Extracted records
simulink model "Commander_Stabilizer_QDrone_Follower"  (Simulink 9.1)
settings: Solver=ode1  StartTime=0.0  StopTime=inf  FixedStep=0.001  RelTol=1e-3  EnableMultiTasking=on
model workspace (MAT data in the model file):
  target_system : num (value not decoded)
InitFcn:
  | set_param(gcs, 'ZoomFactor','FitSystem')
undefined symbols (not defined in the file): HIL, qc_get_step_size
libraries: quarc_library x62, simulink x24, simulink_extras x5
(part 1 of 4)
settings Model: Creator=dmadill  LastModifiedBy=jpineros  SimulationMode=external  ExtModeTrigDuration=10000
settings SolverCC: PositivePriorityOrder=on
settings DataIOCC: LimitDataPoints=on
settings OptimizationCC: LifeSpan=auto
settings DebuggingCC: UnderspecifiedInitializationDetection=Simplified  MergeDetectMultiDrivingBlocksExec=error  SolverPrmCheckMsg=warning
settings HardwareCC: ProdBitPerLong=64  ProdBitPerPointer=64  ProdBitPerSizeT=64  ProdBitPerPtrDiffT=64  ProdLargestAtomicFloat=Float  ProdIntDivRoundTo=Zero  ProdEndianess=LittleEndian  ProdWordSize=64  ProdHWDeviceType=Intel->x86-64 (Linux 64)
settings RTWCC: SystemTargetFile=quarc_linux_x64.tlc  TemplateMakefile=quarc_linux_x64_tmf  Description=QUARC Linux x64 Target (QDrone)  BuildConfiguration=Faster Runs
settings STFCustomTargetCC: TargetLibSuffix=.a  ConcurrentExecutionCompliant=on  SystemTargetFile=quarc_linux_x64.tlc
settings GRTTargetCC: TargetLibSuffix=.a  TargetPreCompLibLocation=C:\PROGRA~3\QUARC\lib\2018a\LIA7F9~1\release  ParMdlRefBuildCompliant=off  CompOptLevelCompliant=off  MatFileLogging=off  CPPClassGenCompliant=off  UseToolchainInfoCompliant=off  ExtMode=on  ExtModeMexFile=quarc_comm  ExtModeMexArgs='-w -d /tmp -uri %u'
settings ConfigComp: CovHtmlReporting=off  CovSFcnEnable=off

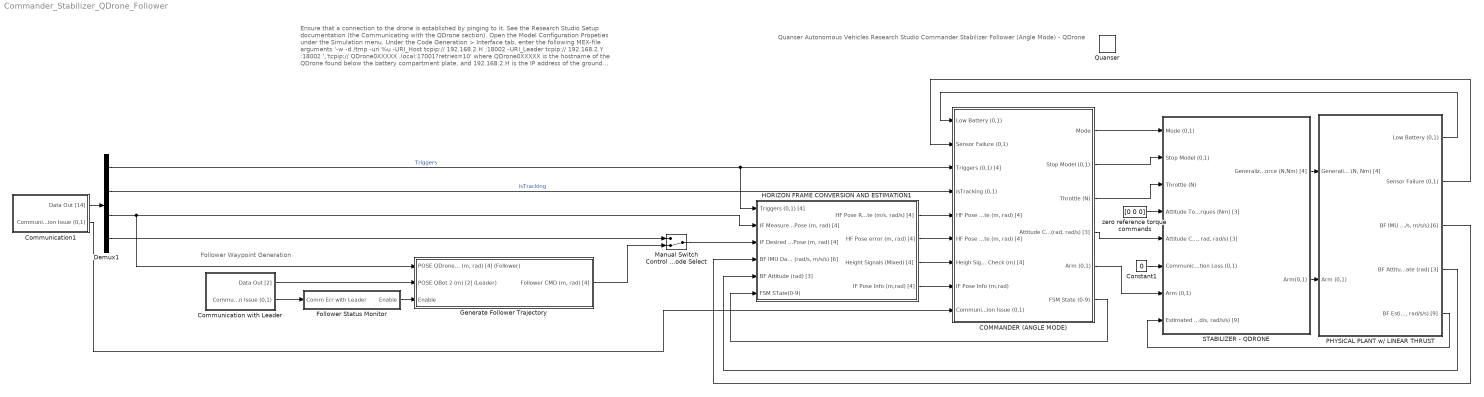
== system Commander_Stabilizer_QDrone_Follower ==
  note: Follower Waypoint Generation
  note: Quanser Autonomous Vehicles Research Studio
      | Commander Stabilizer Follower (Angle Mode) - QDrone
  note: Ensure that a connection to the drone is established by pinging to it. See the Research Studio Setup documentation (the Communicating with the QDrone section).
      | Open the Model Configuration Propeties under the Simulation menu.
      | Under the Code Generation > Interface tab, enter the following MEX-file arguments
      | '-w -d /tmp -uri %u -URI_Host tcpip:// 192.168.2.H :18002 -URI_Leader tcpip:// 192.168.2.Y :18002 ','tcpip:// QDrone0XXXXX .local:17001?retries=10'
      | where QDrone0XXXXX is the hostname of the QDrone found below the battery compartment plate, and 192.168.2.H is the IP address of the ground control station PC (should be 192.168.2.5 by default), 192.168.2.Y . is the IP address of the QBot2e which can be found on the custom Quanser PCB.
      |
      | Under the QUARC menu, click on Build .
      |
      | Ensure that the Mission Server Leader Follower model is running. If not, this model will stop immediately upon running. Click on Start under the QUARC menu.
      |
      | Ensure that the drone behaves as expected (see the steps in the Mission Server Leader Follower model)
      | This model will automatically stop when the QDrone lands.
  COMMANDER (ANGLE MODE) : Subsystem
  Communication with Leader : Subsystem
  Communication1 : Subsystem
  Constant1 : Constant  Value=0
  Demux1 : Demux  Outputs=[4 1 4 4]
  Follower Status Monitor : Subsystem
  Generate Follower Trajectory : Subsystem
  HORIZON FRAME CONVERSION AND ESTIMATION1 : Subsystem
  Manual Switch Control Mode Select : ManualSwitch  CurrentSetting=0
  PHYSICAL PLANT w/ LINEAR THRUST : Subsystem
  Quanser : quarc_library/Logos/Quanser
  STABILIZER - QDRONE : Subsystem
  zero reference torque commands : Constant  Value=[0 0 0]
  wires:
  Communication with Leader/1(Data Out [2]) -> Generate Follower Trajectory/2(POSE QBot 2 (m) [2] (Leader))
  Generate Follower Trajectory/1("Follower CMD (m, rad) [4]") -> Manual Switch Control Mode Select/2
  Follower Status Monitor/1(Enable) -> Generate Follower Trajectory/3(Enable)
  Communication with Leader/2(Communication Issue (0,1)) -> Follower Status Monitor/1(Comm Err with Leader)
  HORIZON FRAME CONVERSION AND ESTIMATION1/2("HF Pose error (m, rad) [4]") -> COMMANDER (ANGLE MODE)/6("HF Pose Error  Estimate (m, rad) [4]")
  HORIZON FRAME CONVERSION AND ESTIMATION1/1("HF Pose Rate  Estimate (m/s, rad/s) [4]") -> COMMANDER (ANGLE MODE)/5("HF Pose Rate  Estimate (m, rad) [4]")
  PHYSICAL PLANT w/ LINEAR THRUST/3("BF IMU Data (rad/s, m/s/s) [6]") -> HORIZON FRAME CONVERSION AND ESTIMATION1/4("BF IMU Data  (rad/s, m/s/s) [6]")
  COMMANDER (ANGLE MODE)/6(FSM State (0-9)) -> HORIZON FRAME CONVERSION AND ESTIMATION1/6(FSM STate(0-9))
  HORIZON FRAME CONVERSION AND ESTIMATION1/3(Height Signals (Mixed) [4]) -> COMMANDER (ANGLE MODE)/7(Heigh Signals Check (m) [4])
  Demux1/2 -> COMMANDER (ANGLE MODE)/4(isTracking (0,1))  "isTracking"
  Communication1/2(Communication Issue (0,1)) -> COMMANDER (ANGLE MODE)/9(Communication Issue (0,1))
  Demux1/3 -> Generate Follower Trajectory/1("POSE QDrone (m, rad) [4] (Follower)"), HORIZON FRAME CONVERSION AND ESTIMATION1/2("IF Measured Pose (m, rad) [4]")
  zero reference torque commands/1 -> STABILIZER - QDRONE/4(Attitude Torques (Nm) [3])
  COMMANDER (ANGLE MODE)/1(Mode) -> STABILIZER - QDRONE/1(Mode (0,1))
  COMMANDER (ANGLE MODE)/4("Attitude Commands (rad, rad/s) [3]") -> STABILIZER - QDRONE/5("Attitude Commands (rad, rad, rad/s) [3]")
  Demux1/1 -> COMMANDER (ANGLE MODE)/3(Triggers (0,1) [4]), HORIZON FRAME CONVERSION AND ESTIMATION1/1(Triggers (0,1) [4])  "Triggers"
  COMMANDER (ANGLE MODE)/3(Throttle (N)) -> STABILIZER - QDRONE/3(Throttle (N))
  Constant1/1 -> STABILIZER - QDRONE/6(Communication Loss (0,1))
  COMMANDER (ANGLE MODE)/5(Arm (0,1)) -> STABILIZER - QDRONE/7(Arm (0,1))
  Communication1/1(Data Out [14]) -> Demux1/1
  PHYSICAL PLANT w/ LINEAR THRUST/2(Sensor Failure (0,1)) -> COMMANDER (ANGLE MODE)/2(Sensor Failure (0,1))
  PHYSICAL PLANT w/ LINEAR THRUST/4(" BF Attitude Estimate (rad) [3]") -> HORIZON FRAME CONVERSION AND ESTIMATION1/5(BF Attitude (rad) [3])
  PHYSICAL PLANT w/ LINEAR THRUST/5("BF Estimated Attitude (rad, rad/s, rad/s/s) [9]") -> STABILIZER - QDRONE/8("Estimated Attitude (rad, rad/s, rad/s/s) [9]")
  STABILIZER - QDRONE/1(Generalized  Force (N,Nm) [4]) -> PHYSICAL PLANT w/ LINEAR THRUST/1("Generalized Force (N, Nm) [4]")
  STABILIZER - QDRONE/2(Arm(0,1)) -> PHYSICAL PLANT w/ LINEAR THRUST/2(Arm (0,1))
  COMMANDER (ANGLE MODE)/2(Stop Model (0,1)) -> STABILIZER - QDRONE/2(Stop Model (0,1))
  PHYSICAL PLANT w/ LINEAR THRUST/1(Low Battery (0,1)) -> COMMANDER (ANGLE MODE)/1(Low Battery (0,1))
  HORIZON FRAME CONVERSION AND ESTIMATION1/4(IF Pose Info (m,rad) [4]) -> COMMANDER (ANGLE MODE)/8(IF Pose Info (m,rad))
  Demux1/4 -> Manual Switch Control Mode Select/1
  Manual Switch Control Mode Select/1 -> HORIZON FRAME CONVERSION AND ESTIMATION1/3("IF Desired Pose (m, rad) [4]")

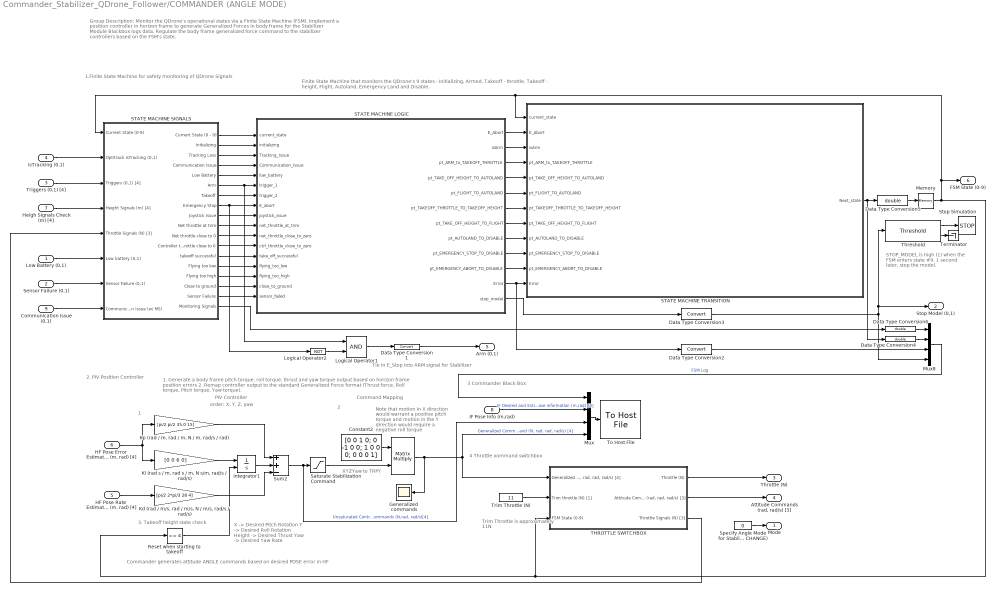
== system Commander_Stabilizer_QDrone_Follower/COMMANDER (ANGLE MODE) ==
  note: STOP_MODEL is high (1) when
      | the FSM enters state #9.
      | 1 second later, stop the model.
  note: Tie in E_Stop into ARM signal for Stabilizer
  note: Finite State Machine that monitors the QDrone's 9 states - Initializing, Armed, Takeoff - throttle, Takeoff - height, Flight, Autoland, Emergency Land and Disable.
  note: X -> Desired Pitch Rotation
      | Y -> Desired Roll Rotation
      | Height -> Desired Thrust
      | Yaw -> Desired Yaw Rate
  note: PIV Controller
  note: 2
  note: 1. Generate a body frame pitch torque, roll torque, thrust and yaw torque output based on horizon frame position errors
      | 2. Remap controller output to the standard Generalized Force format (Thrust force, Roll torque, Pitch torque, Yaw torque).
  note: order: X, Y, Z, yaw
  note: 3. Takeoff height state check
  note: 1
  note: XYZYaw to TRPY
  note: Command Mapping
  note: Note that motion in X direction would warrant a positive pitch torque
      | and motion in the Y direction would require a negative roll torque
  note: Trim Throttle is approximately 11N
  note: Group Description:
      |
      | Monitor the QDrone's operational states via a Finite State Machine (FSM).
      | Implement a position controller in horizon frame to generate Generalized Forces in body frame for the Stabilizer Module
      | Blackbox logs data.
      | Regulate the body frame generalized force command to the stabilizer controllers based on the FSM's state.
  note: 4 Throttle xommand switchbox
  note: 3 Commander Black Box
  note: Commander generates attitude ANGLE commands based on desired POSE error in HF
  note: 2. PIV Position Controller
  note: 1.Finite State Machine for safety monitoring of QDrone Signals
  Low Battery (0,1) : Inport
  Sensor Failure (0,1) : Inport  Port=2
  Triggers (0,1) [4] : Inport  Port=3
  isTracking (0,1) : Inport  Port=4
  "HF Pose Rate  Estimate (m, rad) [4]" : Inport  Port=5
  "HF Pose Error  Estimate (m, rad) [4]" : Inport  Port=6
  Heigh Signals Check (m) [4] : Inport  Port=7
  IF Pose Info (m,rad) : Inport  Port=8
  Communication Issue (0,1) : Inport  Port=9
  " " : Product  Multiplication=Matrix(*)
  Constant2 : Constant  Value=[0 0 1 0; 0 -1 0 0; 1 0 0 0; 0 0 0 1]
  Data Type Conversion1 : DataTypeConversion
  Data Type Conversion2 : DataTypeConversion
  Data Type Conversion3 : DataTypeConversion
  Data Type Conversion4 : DataTypeConversion  OutDataTypeStr=double
  Data Type Conversion5 : DataTypeConversion  OutDataTypeStr=double
  Data Type Conversion6 : DataTypeConversion  OutDataTypeStr=double
  "Generalized  commands " : Scope
  Integrator1 : Integrator  ExternalReset=rising  LimitOutput=on  UpperSaturationLimit=[0.26 0.33 15 0.05].*0.75  LowerSaturationLimit=[-0.26 -0.33 -15 -0.05].*0.75
  "Kd (rad / m/s, rad / m/s, N / m/s, rad/s / rad/s)" : Gain  Gain=[pi/2 2*pi/3 28 4]
  "Ki (rad s / m, rad s / m, N s/m, rad/s / rad/s)" : Gain  Gain=[0 0 6 0]
  "Kp (rad / m, rad / m, N / m, rad/s / rad)" : Gain  Gain=[pi/2 pi/2 35.0 15]
  Logical Operator1 : Logic  AllPortsSameDT=off  OutDataTypeStr=boolean
  Logical Operator2 : Logic  Operator=NOT  AllPortsSameDT=off  OutDataTypeStr=boolean
  Memory : Memory  InitialCondition=1
  Mux : Mux
  Mux8 : Mux  Inputs=[17 1 1 1]
  Reset when starting to takeoff : simulink/Logic and Bit Operations/Compare To Constant  relop===  const=4  OutDataTypeStr=boolean
  STATE MACHINE LOGIC : MATLAB Function  TreatAsAtomicUnit=on
  STATE MACHINE SIGNALS : Subsystem
  STATE MACHINE TRANSITION : MATLAB Function  TreatAsAtomicUnit=on
  Saturate Stabilization Command : Saturate  UpperLimit=[pi/4 pi/4 35 100*pi/180]  LowerLimit=[-pi/4 -pi/4 -35 -100*pi/180]
  Specify Angle Mode for Stabilizer (DO NOT CHANGE) : Constant  Value=0
  Stop Simulation : Stop
  Sum2 : Sum  Inputs=++-
  "THROTTLE SWITCHBOX " : Subsystem
  Terminator : Terminator
  Threshold : quarc_library/Discontinuities/Threshold  operator=>=  param_src=Specify via dialog  threshold=0.5  duration=1
      settings: SourceProductName=QUARC Targets
  To Host File : quarc_library/Sinks/To Host/To Host File  file_name=saved_data/%m/Commander_%{date}_%{time}.mat  variable_name=commander_data  decimation=1  sample_time=-1  file_format=MAT-file v.5  options=No header or footer  append=off  final_file_name=saved_data/Commander_Stabilizer_QDrone_Follower/Commander_20-Jan-2022_08-51-27.mat  bitrate=2000000
  "Trim Throttle (N) " : Constant  Value=11
  Mode : Outport
  Stop Model (0,1) : Outport  Port=2
  Throttle (N) : Outport  Port=3
  "Attitude Commands (rad, rad/s) [3]" : Outport  Port=4
  Arm (0,1) : Outport  Port=5
  FSM State (0-9) : Outport  Port=6
  wires:
  Heigh Signals Check (m) [4]/1 -> STATE MACHINE SIGNALS/4(Height Signals (m) [4])
  Triggers (0,1) [4]/1 -> STATE MACHINE SIGNALS/3(Triggers (0,1) [4])
  isTracking (0,1)/1 -> STATE MACHINE SIGNALS/2("Optitrack isTracking (0,1)  ")
  Communication Issue (0,1)/1 -> STATE MACHINE SIGNALS/8(Communication Issue (w/ MS))
  Sensor Failure (0,1)/1 -> STATE MACHINE SIGNALS/7(Sensor Failure (0,1))
  Low Battery (0,1)/1 -> STATE MACHINE SIGNALS/6(Low battery (0,1))
  STATE MACHINE LOGIC/11(Error) -> Data Type Conversion2/1, STATE MACHINE TRANSITION/12(Error)
  STATE MACHINE SIGNALS/17("  Sensor Failure") -> STATE MACHINE LOGIC/17(sensor_failed)
  STATE MACHINE LOGIC/8(pt_AUTOLAND_TO_DISABLE) -> STATE MACHINE TRANSITION/9(pt_AUTOLAND_TO_DISABLE)
  STATE MACHINE LOGIC/10(pt_EMERGENCY_ABORT_TO_DISABLE) -> STATE MACHINE TRANSITION/11(pt_EMERGENCY_ABORT_TO_DISABLE)
  Logical Operator2/1 -> Logical Operator1/2
  STATE MACHINE LOGIC/7(pt_TAKE_OFF_HEIGHT_TO_FLIGHT) -> STATE MACHINE TRANSITION/8(pt_TAKE_OFF_HEIGHT_TO_FLIGHT)
  STATE MACHINE SIGNALS/18(Monitoring Signals) -> Data Type Conversion6/1
  STATE MACHINE SIGNALS/6(Arm) -> STATE MACHINE LOGIC/6(trigger_1), Logical Operator1/1
  Logical Operator1/1 -> Data Type Conversion1/1
  Data Type Conversion2/1 -> Mux8/3
  Threshold/2 -> Terminator/1
  STATE MACHINE LOGIC/4(pt_TAKE_OFF_HEIGHT_TO_AUTOLAND) -> STATE MACHINE TRANSITION/5(pt_TAKE_OFF_HEIGHT_TO_AUTOLAND)
  Data Type Conversion3/1 -> Mux8/4, Threshold/1, Stop Model (0,1)/1
  STATE MACHINE LOGIC/2(isArm) -> STATE MACHINE TRANSITION/3(isArm)
  Data Type Conversion1/1 -> Arm (0,1)/1
  STATE MACHINE SIGNALS/2(Initializing) -> STATE MACHINE LOGIC/2(initializing)
  STATE MACHINE SIGNALS/3(Tracking Loss) -> STATE MACHINE LOGIC/3(Tracking_Issue)
  STATE MACHINE SIGNALS/10(Net throttle at trim) -> STATE MACHINE LOGIC/10(net_throttle_at_trim)
  STATE MACHINE SIGNALS/15(Flying too high) -> STATE MACHINE LOGIC/15(flying_too_high)
  STATE MACHINE SIGNALS/14(Flying too low) -> STATE MACHINE LOGIC/14(flying_too_low)
  STATE MACHINE SIGNALS/12(Controller throttle close to 0) -> STATE MACHINE LOGIC/12(ctrl_throttle_close_to_zero)
  Data Type Conversion4/1 -> Mux8/2
  STATE MACHINE SIGNALS/9("Joystick Issue ") -> STATE MACHINE LOGIC/9(joystick_issue)
  STATE MACHINE LOGIC/1(E_Abort) -> STATE MACHINE TRANSITION/2(E_Abort)
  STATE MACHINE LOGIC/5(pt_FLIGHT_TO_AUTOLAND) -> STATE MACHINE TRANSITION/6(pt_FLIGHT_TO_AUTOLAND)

_Problem to solve_
Output only the lines from the top of the entries through the one holding "(part 1 of 4)", copied exactly.

_Solution for this problem_
simulink model "Commander_Stabilizer_QDrone_Follower"  (Simulink 9.1)
settings: Solver=ode1  StartTime=0.0  StopTime=inf  FixedStep=0.001  RelTol=1e-3  EnableMultiTasking=on
model workspace (MAT data in the model file):
  target_system : num (value not decoded)
InitFcn:
  | set_param(gcs, 'ZoomFactor','FitSystem')
undefined symbols (not defined in the file): HIL, qc_get_step_size
libraries: quarc_library x62, simulink x24, simulink_extras x5
(part 1 of 4)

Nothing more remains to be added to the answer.